Frankenstein’s monster was brought to life by the judicious application of a little electricity; and a surprising number of processes in our bodies are regulated by electrical currents too. Now, researchers from Japan reveal that electricity just may play a key role in male fertility.

In a study recently published in Nature Communications, researchers from Osaka University have revealed that a protein whose activity is dependent on electrical signals plays a crucial part in sperm development.

Sperm go through a developmental process as they move through the male reproductive system that allows them to mature and acquire the ability to fertilize an egg. Part of this process involves changing the types of lipids, or fatty molecules, that are present in sperm cell membranes. These changes are enacted by enzymes, which have to be activated at a specific point in the sperm development timeline.

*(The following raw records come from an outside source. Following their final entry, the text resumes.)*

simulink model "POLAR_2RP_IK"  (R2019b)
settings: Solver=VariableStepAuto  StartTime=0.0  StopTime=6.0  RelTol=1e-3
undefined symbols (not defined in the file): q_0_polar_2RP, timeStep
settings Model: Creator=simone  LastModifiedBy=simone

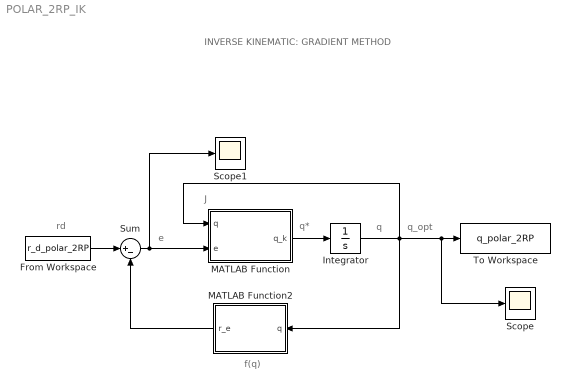
== system POLAR_2RP_IK ==
  note: INVERSE KINEMATIC: GRADIENT METHOD
  note: e
  note: q_opt
  note: q
  note: q*
  note: f(q)
  note: J
  note: rd
  From Workspace : FromWorkspace  VariableName=r_d_polar_2RP  SampleTime=timeStep
  Integrator : Integrator  InitialCondition=q_0_polar_2RP
  MATLAB Function : MATLAB Function  TreatAsAtomicUnit=on
  MATLAB Function2 : MATLAB Function  TreatAsAtomicUnit=on
  Scope : Scope
  Scope1 : Scope
  Sum : Sum  Inputs=|+-
  To Workspace : ToWorkspace  VariableName=q_polar_2RP  SaveFormat=Timeseries  SampleTime=-1
  wires:
  From Workspace/1 -> Sum/1
  MATLAB Function/1(q_k) -> Integrator/1
  Integrator/1 -> MATLAB Function/1(q), MATLAB Function2/1(q), To Workspace/1, Scope/1
  MATLAB Function2/1(r_e) -> Sum/2
  Sum/1 -> Scope1/1, MATLAB Function/2(e)

== matlab function POLAR_2RP_IK/MATLAB Function ==
  data: q_k output; q input; e input
function q_k = J_r(q,e)
% GRADIENT
alpha =  0.7;
J_q = [-q(3)*sin(q(1))*sin(q(2)) q(3)*cos(q(1))*cos(q(2)) cos(q(1))*sin(q(2));
    q(3)*cos(q(1))*sin(q(2)) q(3)*cos(q(2))*sin(q(1)) sin(q(1))*sin(q(2));
    0 -q(3)*sin(q(2)) cos(q(2))];
q_k = alpha * J_q' * e;

% NEWTON
% Jq = [-q(3)*sin(q(1))*sin(q(2)) q(3)*cos(q(1))*cos(q(2)) cos(q(1))*sin(q(2));
%     q(3)*cos(q(1))*sin(q(2)) q(3)*cos(q(2))*sin(q(1)) sin(q(1))*sin(q(2));
%     0 -q(3)*sin(q(2)) cos(q(2))];
% q_k =  inv(Jq) * e;

== matlab function POLAR_2RP_IK/MATLAB Function2 ==
  data: r_e output; q input
function r_e = F_r(q)
%POLAR ROBOT (2R P)
r_e = [q(3)*cos(q(1))*sin(q(2));
    q(3)*sin(q(1))*sin(q(2));
    q(3)*cos(q(2))+0.5];

“We recently identified the functional expression of an unusual voltage-sensing phosphatase (VSP) in spermatozoa. This unique protein shows phosphatase activity in response to changes in cell membrane potential,” says lead author of the study Takafumi Kawai. “However, it remained unclear whether VSP senses the membrane potential of spermatozoa, and if so, how this affects spermatozoa maturation.”

To explore this, the researchers eliminated VSP expression in mouse sperm. They then evaluated the lipid content of the sperm cell membranes at different stages of sperm development in the cells without VSP compared with cells with VSP.

“The results were very clear,” states Yasushi Okamura, senior author. “In the absence of VSP, the certain membrane lipid composition was not completely matured in spermatozoa, suggesting that VSP is required for proper spermatozoa development.”

Next, the researchers created a mutant version of VSP that changed its responsiveness to electrical stimulation and tested the effects of this mutant in mice. Compared with normal mice, sperm from the mice expressing the mutant protein were noticeably abnormal in motility.

“Our findings show that, in developing sperm, VSP responds to electrical signals by promoting appropriate maturation of the cell membrane,” says Kawai.

Given that proper sperm development and function are crucial to male fertility, the findings from this study could be used to help develop clinical treatments for infertility in the future. In addition, investigating the unique mechanism by which VSP converts electrical signals into chemical signals is likely to provide new insight into cell development.